Net income per unit excluding mark-to-market or MTM commodity-related pricing adjustments, of 70 cents for second quarter 2014 was lower than the 72-cent guidance provided by management in May 2014 primarily due to the 4-cent unfavorable impact of the non-cash impairment charge. Otherwise, the partnership's assets generated better financial results than expected due to continued strong demand for refined products transportation and higher crude oil shipments during the quarter.
Total revenue for the quarter rose to $496.45 million from the previous year's $443.91 million.
Analysts polled by Thomson Reuters expected the company to report earnings of $0.71 per share and revenues of $503.27 million for the second-quarter. Analysts' estimates typically exclude special items.
Further, the partnership has announced plans to reactivate an idle 135-mile segment of pipeline in southern Oklahoma to deliver crude oil and condensate from Healdton to Cushing beginning in the third quarter of 2015.
Te partnership currently plans to spend approximately $775 million in 2014 with additional spending of $350 million in 2015 and $75 million in 2016 to complete its current slate of construction projects. The partnership now estimates that its share of spending for the BridgeTex pipeline will be approximately $625 million.
In addition, Magellan continues to evaluate well in excess of $500 million of potential growth projects in earlier stages of development as well as possible acquisitions, both of which have been excluded from the partnership's spending estimates.
For the third-quarter, the company expects net income per limited partner unit of $0.62. Analysts project third-quarter earnings of $0.67 per share for the third-quarter.
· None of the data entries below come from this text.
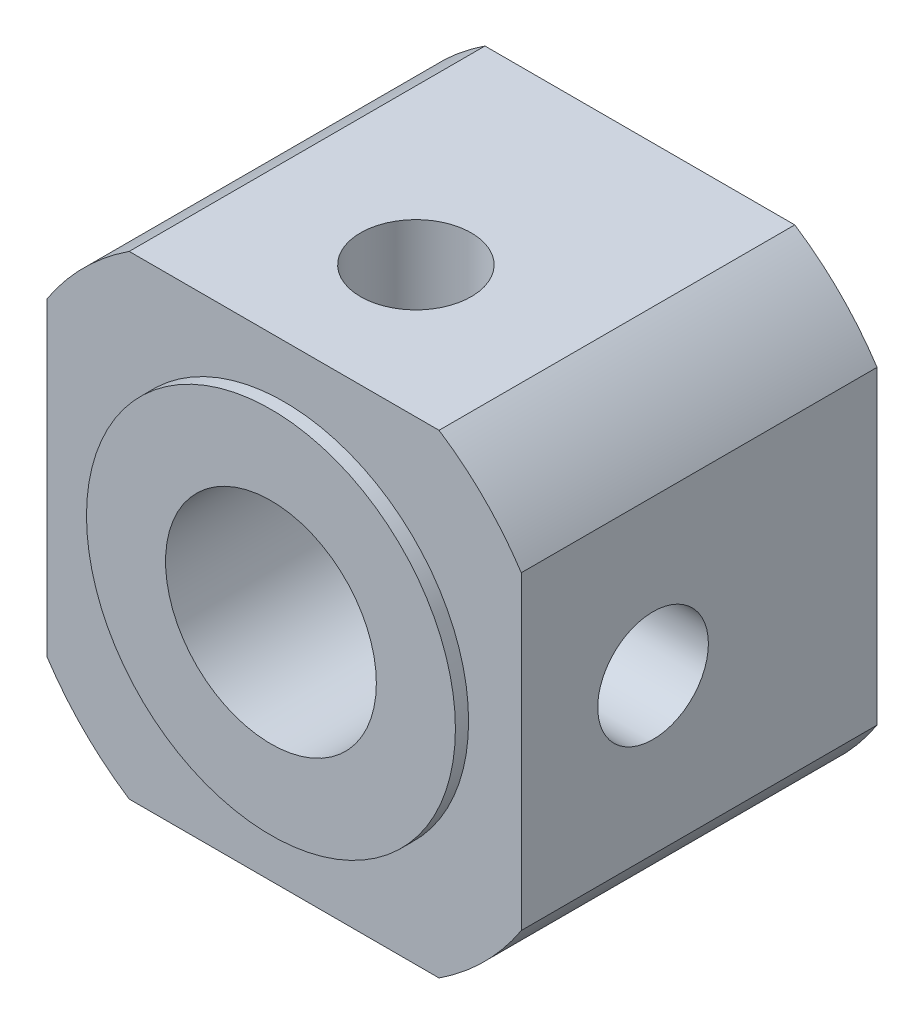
ISO-10303-21;
HEADER;
FILE_DESCRIPTION(('STEP AP214'),'2;1');
FILE_NAME('part.step','',(''),(''),'','','');
FILE_SCHEMA(('AUTOMOTIVE_DESIGN { 1 0 10303 214 1 1 1 1 }'));
ENDSEC;
DATA;
#1=APPLICATION_CONTEXT('core data for automotive mechanical design processes');
#2=APPLICATION_PROTOCOL_DEFINITION('international standard','automotive_design',2000,#1);
#3=PRODUCT_CONTEXT('',#1,'mechanical');
#4=PRODUCT('Part','Part','',(#3));
#5=PRODUCT_RELATED_PRODUCT_CATEGORY('part','',(#4));
#6=PRODUCT_DEFINITION_FORMATION('','',#4);
#7=PRODUCT_DEFINITION_CONTEXT('part definition',#1,'design');
#8=PRODUCT_DEFINITION('design','',#6,#7);
#9=PRODUCT_DEFINITION_SHAPE('','',#8);
#10=(LENGTH_UNIT() NAMED_UNIT(*) SI_UNIT(.MILLI.,.METRE.));
#11=(NAMED_UNIT(*) PLANE_ANGLE_UNIT() SI_UNIT($,.RADIAN.));
#12=(NAMED_UNIT(*) SI_UNIT($,.STERADIAN.) SOLID_ANGLE_UNIT());
#13=UNCERTAINTY_MEASURE_WITH_UNIT(LENGTH_MEASURE(1.E-05),#10,'distance_accuracy_value','');
#14=(GEOMETRIC_REPRESENTATION_CONTEXT(3) GLOBAL_UNCERTAINTY_ASSIGNED_CONTEXT((#13)) GLOBAL_UNIT_ASSIGNED_CONTEXT((#10,
#11,#12)) REPRESENTATION_CONTEXT('',''));
#15=CARTESIAN_POINT('',(0.,0.,0.));
#16=DIRECTION('',(0.,0.,1.));
#17=DIRECTION('',(1.,0.,0.));
#18=AXIS2_PLACEMENT_3D('',#15,#16,#17);
#19=CARTESIAN_POINT('',(0.,0.,5.));
#20=DIRECTION('',(0.,0.,1.));
#21=DIRECTION('',(1.,0.,0.));
#22=AXIS2_PLACEMENT_3D('',#19,#20,#21);
#23=CYLINDRICAL_SURFACE('',#22,7.);
#24=CARTESIAN_POINT('',(0.,0.,5.5));
#25=DIRECTION('',(0.,0.,1.));
#26=DIRECTION('',(1.,0.,0.));
#27=AXIS2_PLACEMENT_3D('',#24,#25,#26);
#28=CIRCLE('',#27,7.);
#29=CARTESIAN_POINT('',(7.,0.,5.5));
#30=VERTEX_POINT('',#29);
#31=EDGE_CURVE('E99',#30,#30,#28,.T.);
#32=ORIENTED_EDGE('',*,*,#31,.F.);
#33=EDGE_LOOP('',(#32));
#34=FACE_BOUND('',#33,.T.);
#35=CARTESIAN_POINT('',(0.,0.,5.));
#36=DIRECTION('',(0.,0.,1.));
#37=DIRECTION('',(1.,0.,0.));
#38=AXIS2_PLACEMENT_3D('',#35,#36,#37);
#39=CIRCLE('',#38,7.);
#40=CARTESIAN_POINT('',(7.,0.,5.));
#41=VERTEX_POINT('',#40);
#42=EDGE_CURVE('E20',#41,#41,#39,.F.);
#43=ORIENTED_EDGE('',*,*,#42,.F.);
#44=EDGE_LOOP('',(#43));
#45=FACE_BOUND('',#44,.T.);
#46=ADVANCED_FACE('F16',(#34,#45),#23,.T.);
#47=CARTESIAN_POINT('',(0.,0.,5.));
#48=DIRECTION('',(0.,0.,1.));
#49=DIRECTION('',(1.,0.,0.));
#50=AXIS2_PLACEMENT_3D('',#47,#48,#49);
#51=PLANE('',#50);
#52=ORIENTED_EDGE('',*,*,#42,.T.);
#53=EDGE_LOOP('',(#52));
#54=FACE_BOUND('',#53,.T.);
#55=CARTESIAN_POINT('',(0.,0.,5.));
#56=DIRECTION('',(0.,0.,1.));
#57=DIRECTION('',(1.,0.,0.));
#58=AXIS2_PLACEMENT_3D('',#55,#56,#57);
#59=CIRCLE('',#58,10.75);
#60=CARTESIAN_POINT('',(5.87898800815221,9.,5.));
#61=VERTEX_POINT('',#60);
#62=CARTESIAN_POINT('',(9.,5.87898800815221,5.));
#63=VERTEX_POINT('',#62);
#64=EDGE_CURVE('E89',#61,#63,#59,.F.);
#65=ORIENTED_EDGE('',*,*,#64,.F.);
#66=DIRECTION('',(1.,0.,0.));
#67=VECTOR('',#66,1.);
#68=CARTESIAN_POINT('',(5.878988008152,9.,5.));
#69=LINE('',#68,#67);
#70=CARTESIAN_POINT('',(-5.87898800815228,9.0000000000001,5.));
#71=VERTEX_POINT('',#70);
#72=EDGE_CURVE('E79',#71,#61,#69,.T.);
#73=ORIENTED_EDGE('',*,*,#72,.F.);
#74=CARTESIAN_POINT('',(0.,0.,5.));
#75=DIRECTION('',(0.,0.,1.));
#76=DIRECTION('',(1.,0.,0.));
#77=AXIS2_PLACEMENT_3D('',#74,#75,#76);
#78=CIRCLE('',#77,10.75);
#79=CARTESIAN_POINT('',(-9.,5.87898800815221,5.));
#80=VERTEX_POINT('',#79);
#81=EDGE_CURVE('E107',#80,#71,#78,.F.);
#82=ORIENTED_EDGE('',*,*,#81,.F.);
#83=DIRECTION('',(0.,1.,0.));
#84=VECTOR('',#83,1.);
#85=CARTESIAN_POINT('',(-9.,5.878988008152,5.));
#86=LINE('',#85,#84);
#87=CARTESIAN_POINT('',(-9.0000000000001,-5.87898800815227,5.));
#88=VERTEX_POINT('',#87);
#89=EDGE_CURVE('E118',#88,#80,#86,.T.);
#90=ORIENTED_EDGE('',*,*,#89,.F.);
#91=CARTESIAN_POINT('',(0.,0.,5.));
#92=DIRECTION('',(0.,0.,1.));
#93=DIRECTION('',(1.,0.,0.));
#94=AXIS2_PLACEMENT_3D('',#91,#92,#93);
#95=CIRCLE('',#94,10.75);
#96=CARTESIAN_POINT('',(-5.87898800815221,-9.,5.));
#97=VERTEX_POINT('',#96);
#98=EDGE_CURVE('E212',#97,#88,#95,.F.);
#99=ORIENTED_EDGE('',*,*,#98,.F.);
#100=DIRECTION('',(1.,0.,0.));
#101=VECTOR('',#100,1.);
#102=CARTESIAN_POINT('',(-5.878988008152,-9.,5.));
#103=LINE('',#102,#101);
#104=CARTESIAN_POINT('',(5.87898800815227,-9.0000000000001,5.));
#105=VERTEX_POINT('',#104);
#106=EDGE_CURVE('E114',#105,#97,#103,.F.);
#107=ORIENTED_EDGE('',*,*,#106,.F.);
#108=CARTESIAN_POINT('',(0.,0.,5.));
#109=DIRECTION('',(0.,0.,1.));
#110=DIRECTION('',(1.,0.,0.));
#111=AXIS2_PLACEMENT_3D('',#108,#109,#110);
#112=CIRCLE('',#111,10.75);
#113=CARTESIAN_POINT('',(9.,-5.87898800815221,5.));
#114=VERTEX_POINT('',#113);
#115=EDGE_CURVE('E210',#114,#105,#112,.F.);
#116=ORIENTED_EDGE('',*,*,#115,.F.);
#117=DIRECTION('',(0.,1.,0.));
#118=VECTOR('',#117,1.);
#119=CARTESIAN_POINT('',(9.,-5.878988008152,5.));
#120=LINE('',#119,#118);
#121=EDGE_CURVE('E95',#63,#114,#120,.F.);
#122=ORIENTED_EDGE('',*,*,#121,.F.);
#123=EDGE_LOOP('',(#65,#73,#82,#90,#99,#107,#116,#122));
#124=FACE_BOUND('',#123,.T.);
#125=ADVANCED_FACE('F93',(#54,#124),#51,.T.);
#126=CARTESIAN_POINT('',(0.,0.,5.5));
#127=DIRECTION('',(0.,0.,1.));
#128=DIRECTION('',(1.,0.,0.));
#129=AXIS2_PLACEMENT_3D('',#126,#127,#128);
#130=PLANE('',#129);
#131=CARTESIAN_POINT('',(0.,0.,5.5));
#132=DIRECTION('',(0.,0.,1.));
#133=DIRECTION('',(1.,0.,0.));
#134=AXIS2_PLACEMENT_3D('',#131,#132,#133);
#135=CIRCLE('',#134,4.);
#136=CARTESIAN_POINT('',(4.,0.,5.5));
#137=VERTEX_POINT('',#136);
#138=EDGE_CURVE('E250',#137,#137,#135,.F.);
#139=ORIENTED_EDGE('',*,*,#138,.T.);
#140=EDGE_LOOP('',(#139));
#141=FACE_BOUND('',#140,.T.);
#142=ORIENTED_EDGE('',*,*,#31,.T.);
#143=EDGE_LOOP('',(#142));
#144=FACE_BOUND('',#143,.T.);
#145=ADVANCED_FACE('F234',(#141,#144),#130,.T.);
#146=CARTESIAN_POINT('',(0.,0.,0.));
#147=DIRECTION('',(1.,0.,0.));
#148=DIRECTION('',(0.,0.,-1.));
#149=AXIS2_PLACEMENT_3D('',#146,#147,#148);
#150=CYLINDRICAL_SURFACE('',#149,2.1);
#151=CARTESIAN_POINT('',(9.,0.,0.));
#152=DIRECTION('',(1.,0.,0.));
#153=DIRECTION('',(0.,0.,-1.));
#154=AXIS2_PLACEMENT_3D('',#151,#152,#153);
#155=CIRCLE('',#154,2.1);
#156=CARTESIAN_POINT('',(9.,0.,-2.1));
#157=VERTEX_POINT('',#156);
#158=EDGE_CURVE('E207',#157,#157,#155,.F.);
#159=ORIENTED_EDGE('',*,*,#158,.F.);
#160=EDGE_LOOP('',(#159));
#161=FACE_BOUND('',#160,.T.);
#162=CARTESIAN_POINT('',(4.,0.,2.1));
#163=CARTESIAN_POINT('',(3.99999554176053,0.109803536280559,2.09999503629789));
#164=CARTESIAN_POINT('',(3.99543467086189,0.219658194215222,2.09134364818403));
#165=CARTESIAN_POINT('',(3.97764995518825,0.436025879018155,2.05715950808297));
#166=CARTESIAN_POINT('',(3.96441836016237,0.542535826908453,2.03161165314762));
#167=CARTESIAN_POINT('',(3.93066508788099,0.748842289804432,1.96492968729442));
#168=CARTESIAN_POINT('',(3.91017049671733,0.848662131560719,1.92385344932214));
#169=CARTESIAN_POINT('',(3.86373215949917,1.03983925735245,1.82762126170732));
#170=CARTESIAN_POINT('',(3.83778764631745,1.13119534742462,1.77246332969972));
#171=CARTESIAN_POINT('',(3.7808192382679,1.30947331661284,1.64560391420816));
#172=CARTESIAN_POINT('',(3.74957540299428,1.3957267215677,1.57306344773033));
#173=CARTESIAN_POINT('',(3.68617980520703,1.55546702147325,1.41532332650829));
#174=CARTESIAN_POINT('',(3.65402732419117,1.62894346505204,1.33011341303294));
#175=CARTESIAN_POINT('',(3.58917605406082,1.76753206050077,1.14052425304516));
#176=CARTESIAN_POINT('',(3.55667656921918,1.83134586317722,1.03511929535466));
#177=CARTESIAN_POINT('',(3.49855996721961,1.94007792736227,0.813221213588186));
#178=CARTESIAN_POINT('',(3.47293763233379,1.98501052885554,0.69673658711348));
#179=CARTESIAN_POINT('',(3.43398314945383,2.0516277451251,0.463269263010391));
#180=CARTESIAN_POINT('',(3.41998737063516,2.07458126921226,0.346765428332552));
#181=CARTESIAN_POINT('',(3.40418722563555,2.10042064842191,0.110792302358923));
#182=CARTESIAN_POINT('',(3.40236842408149,2.10333026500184,-0.0086733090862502));
#183=CARTESIAN_POINT('',(3.41060563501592,2.08992575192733,-0.229764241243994));
#184=CARTESIAN_POINT('',(3.41908941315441,2.0761574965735,-0.331617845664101));
#185=CARTESIAN_POINT('',(3.44418919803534,2.0342447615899,-0.531280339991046));
#186=CARTESIAN_POINT('',(3.46080826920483,2.00609486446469,-0.629087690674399));
#187=CARTESIAN_POINT('',(3.50064034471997,1.935761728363,-0.820661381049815));
#188=CARTESIAN_POINT('',(3.52399503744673,1.89327319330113,-0.914284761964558));
#189=CARTESIAN_POINT('',(3.57469224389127,1.79571567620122,-1.09354021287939));
#190=CARTESIAN_POINT('',(3.60203646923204,1.7406412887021,-1.17916882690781));
#191=CARTESIAN_POINT('',(3.66230185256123,1.61039980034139,-1.35277293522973));
#192=CARTESIAN_POINT('',(3.69546437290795,1.53349171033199,-1.43936319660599));
#193=CARTESIAN_POINT('',(3.76053411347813,1.36617837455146,-1.59904319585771));
#194=CARTESIAN_POINT('',(3.79244039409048,1.27576325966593,-1.67212297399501));
#195=CARTESIAN_POINT('',(3.85357924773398,1.07762049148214,-1.80661637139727));
#196=CARTESIAN_POINT('',(3.88255897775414,0.969203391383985,-1.86713779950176));
#197=CARTESIAN_POINT('',(3.93230876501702,0.741890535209,-1.96850527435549));
#198=CARTESIAN_POINT('',(3.95309407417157,0.623014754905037,-2.00938790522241));
#199=CARTESIAN_POINT('',(3.97880627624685,0.419385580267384,-2.05941202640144));
#200=CARTESIAN_POINT('',(3.98670889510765,0.336445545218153,-2.07458929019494));
#201=CARTESIAN_POINT('',(3.99730707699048,0.169013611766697,-2.09488442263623));
#202=CARTESIAN_POINT('',(4.00000343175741,0.0845219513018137,-2.10000382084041));
#203=CARTESIAN_POINT('',(3.99999554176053,-0.109803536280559,-2.09999503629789));
#204=CARTESIAN_POINT('',(3.99543467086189,-0.219658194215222,-2.09134364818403));
#205=CARTESIAN_POINT('',(3.97764995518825,-0.436025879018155,-2.05715950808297));
#206=CARTESIAN_POINT('',(3.96441836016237,-0.542535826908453,-2.03161165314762));
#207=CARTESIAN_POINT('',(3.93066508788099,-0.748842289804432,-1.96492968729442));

The company raised its 2014 Distributable cash flow or DCF guidance by $30 million to $840 million and remains committed to its goal of increasing annual cash distributions by 20% for 2014 and 15% for 2015.
For DCF purposes, operating results of the BridgeTex pipeline will not impact 2014, with the initial DCF benefit expected to occur in 2015 due to the timing of the pipeline's start-up and cash distribution payments from the joint venture to Magellan, which will be paid in arrears on a quarterly basis.
Net income per limited partner unit is now estimated to be $3.30 for 2014. Analysts project annual earnings per share of $3.30. The company said in May that it expected net income per limited partner unit of $3.25 for 2014.
Guidance excludes future MTM adjustments on the partnership's commodity-related activities.